* _PROBLEM_
The copy you produce must hold every record exactly, and none of the images.

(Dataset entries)
● ● ● ● ●
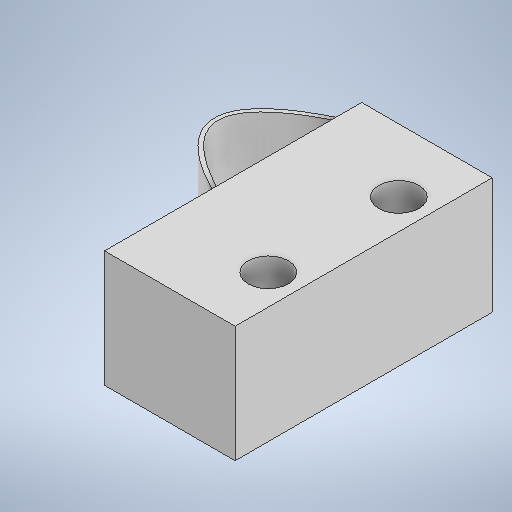
# Autodesk Inventor part: krańcówka
Saved by Autodesk Inventor 2025.2 (Build 292293000, 293)
## iProperties
Created: 2025-04-08
Part Number: krańcówka
Material: Ogólny
Document SubType Name: Modeling
Designer: Jan Bołtralik
Density: 1 g/cm^3
Appearance: Domyślna
Author: Jan Bołtralik
Autodesk Inventor part; units mm, degrees
ref_plane "YZ Plane" through (0, 0, 0) normal (1, 0, 0) x (0, 1, 0)
ref_plane "XZ Plane" through (0, 0, 0) normal (0, 1, 0) x (-1, 0, 0)
sketch "Szkic1" plane through (0, 0, 0) normal (0, 1, 0) x (-1, 0, 0)
  line L0 (0, 0) -> (6.5, 0)
  line L1 (6.5, 0) -> (6.5, -12.8)
  line L2 (6.5, -12.8) -> (0, -12.8)
  line L3 (0, -12.8) -> (0, 0)
  circle A0 centre (1.5, -3.15) radius 1
  circle A1 centre (1.5, -9.65) radius 1
  dimension "d0" = 6.5
  dimension "d1" = 12.8
  dimension "d2" = 2
  dimension "d3" = 2
  dimension "d4" = 1.5
  dimension "d5" = 1.5
  dimension "d6" = 6.5
  dimension "d7" = 3.15
  constraints: 8 end point, 2 centre point, 2 parallel, 1 horizontal, 1 perpendicular
  measures "d0" distance of L1.end L2.end
  measures "d1" distance of L0.end L1.end
  measures "d2" diameter of A0
  measures "d3" diameter of A1
  measures "d4" distance from line of L3 A1.centre
  measures "d5" distance from line of L3 A0.centre
  measures "d6" distance of A1.centre A0.centre
  measures "d7" distance from line of L2 A1.centre
extrude "Wyciągnięcie proste1" add sketch "Szkic1" along normal blind 5.8
ref_plane "Płaszczyzna konstrukcyjna1" through (0, 2.9, 0) normal (0, -1, 0) x (1, 0, 0)
sketch "Szkic2" plane through (0, 2.9, 0) normal (0, -1, 0) x (1, 0, 0)
  line L0 (0, 0) -> (0, -12.8) projected
  spline S0 degree 2 poles (-7.3, -6.4) (-13.8472, -9.6739) (-7, -12.8) knots 0 0 0 1 1 1
  arc A0 (-6.5, -3.2) -> (-6.7, -3.4) centre (-6.5, -3.4) ccw
  arc A1 (-7.3, -6.4) -> (-7.101, -6.2198) centre (-7.3, -6.2) ccw
  line L1 (-6.7, -3.4) -> (-7.0907, -6.1349)
  arc A2 (-7.0907, -6.1349) -> (-7.101, -6.2198) centre (-5.1108, -6.4178) ccw
  point P0 (-10.4999, -9.5993)
  point P1 (-7.1, -6.2)
  dimension "d17" = 2
  constraints: 7 point on circle, 3 centre point, 2 end point, 2 tangent, 1 point on line, 3 other
  measures "d17" radius of A2
sketch "Szkic3" plane through (-6.5, 0, -12.8) normal (-1, 0, 0) x (0, 0, 1)
  line L0 (9.4, 2.9) -> (9.6, 2.9) projected
  line L1 (9.7, 4.7) -> (9.5, 4.7)
  line L2 (9.5, 4.7) -> (9.5, 1.1)
  line L3 (9.5, 1.1) -> (9.7, 1.1)
  line L4 (9.7, 1.1) -> (9.7, 4.7)
  line L5 (9.7, 4.7) -> (9.5, 1.1) construction
  line L6 (9.5, 4.7) -> (9.7, 1.1) construction
  dimension "d18" = 0.2
  dimension "d19" = 3.6
  constraints: 12 end point, 2 midpoint, 2 parallel, 1 horizontal, 1 perpendicular
  measures "d18" distance of L3.end L2.end
  measures "d19" distance of L2.end L1.end
sweep "Przeciągnięcie1" add profiles "Szkic3" path "Szkic2" path curves A0 L1 A2 A1 S0
● ● ● ● ●
* _SOLUTION FOR THIS PROBLEM_
# Autodesk Inventor part: krańcówka
Saved by Autodesk Inventor 2025.2 (Build 292293000, 293)
## iProperties
Created: 2025-04-08
Part Number: krańcówka
Material: Ogólny
Document SubType Name: Modeling
Designer: Jan Bołtralik
Density: 1 g/cm^3
Appearance: Domyślna
Author: Jan Bołtralik
Autodesk Inventor part; units mm, degrees
ref_plane "YZ Plane" through (0, 0, 0) normal (1, 0, 0) x (0, 1, 0)
ref_plane "XZ Plane" through (0, 0, 0) normal (0, 1, 0) x (-1, 0, 0)
sketch "Szkic1" plane through (0, 0, 0) normal (0, 1, 0) x (-1, 0, 0)
  line L0 (0, 0) -> (6.5, 0)
  line L1 (6.5, 0) -> (6.5, -12.8)
  line L2 (6.5, -12.8) -> (0, -12.8)
  line L3 (0, -12.8) -> (0, 0)
  circle A0 centre (1.5, -3.15) radius 1
  circle A1 centre (1.5, -9.65) radius 1
  dimension "d0" = 6.5
  dimension "d1" = 12.8
  dimension "d2" = 2
  dimension "d3" = 2
  dimension "d4" = 1.5
  dimension "d5" = 1.5
  dimension "d6" = 6.5
  dimension "d7" = 3.15
  constraints: 8 end point, 2 centre point, 2 parallel, 1 horizontal, 1 perpendicular
  measures "d0" distance of L1.end L2.end
  measures "d1" distance of L0.end L1.end
  measures "d2" diameter of A0
  measures "d3" diameter of A1
  measures "d4" distance from line of L3 A1.centre
  measures "d5" distance from line of L3 A0.centre
  measures "d6" distance of A1.centre A0.centre
  measures "d7" distance from line of L2 A1.centre
extrude "Wyciągnięcie proste1" add sketch "Szkic1" along normal blind 5.8
ref_plane "Płaszczyzna konstrukcyjna1" through (0, 2.9, 0) normal (0, -1, 0) x (1, 0, 0)
sketch "Szkic2" plane through (0, 2.9, 0) normal (0, -1, 0) x (1, 0, 0)
  line L0 (0, 0) -> (0, -12.8) projected
  spline S0 degree 2 poles (-7.3, -6.4) (-13.8472, -9.6739) (-7, -12.8) knots 0 0 0 1 1 1
  arc A0 (-6.5, -3.2) -> (-6.7, -3.4) centre (-6.5, -3.4) ccw
  arc A1 (-7.3, -6.4) -> (-7.101, -6.2198) centre (-7.3, -6.2) ccw
  line L1 (-6.7, -3.4) -> (-7.0907, -6.1349)
  arc A2 (-7.0907, -6.1349) -> (-7.101, -6.2198) centre (-5.1108, -6.4178) ccw
  point P0 (-10.4999, -9.5993)
  point P1 (-7.1, -6.2)
  dimension "d17" = 2
  constraints: 7 point on circle, 3 centre point, 2 end point, 2 tangent, 1 point on line, 3 other
  measures "d17" radius of A2
sketch "Szkic3" plane through (-6.5, 0, -12.8) normal (-1, 0, 0) x (0, 0, 1)
  line L0 (9.4, 2.9) -> (9.6, 2.9) projected
  line L1 (9.7, 4.7) -> (9.5, 4.7)
  line L2 (9.5, 4.7) -> (9.5, 1.1)
  line L3 (9.5, 1.1) -> (9.7, 1.1)
  line L4 (9.7, 1.1) -> (9.7, 4.7)
  line L5 (9.7, 4.7) -> (9.5, 1.1) construction
  line L6 (9.5, 4.7) -> (9.7, 1.1) construction
  dimension "d18" = 0.2
  dimension "d19" = 3.6
  constraints: 12 end point, 2 midpoint, 2 parallel, 1 horizontal, 1 perpendicular
  measures "d18" distance of L3.end L2.end
  measures "d19" distance of L2.end L1.end
sweep "Przeciągnięcie1" add profiles "Szkic3" path "Szkic2" path curves A0 L1 A2 A1 S0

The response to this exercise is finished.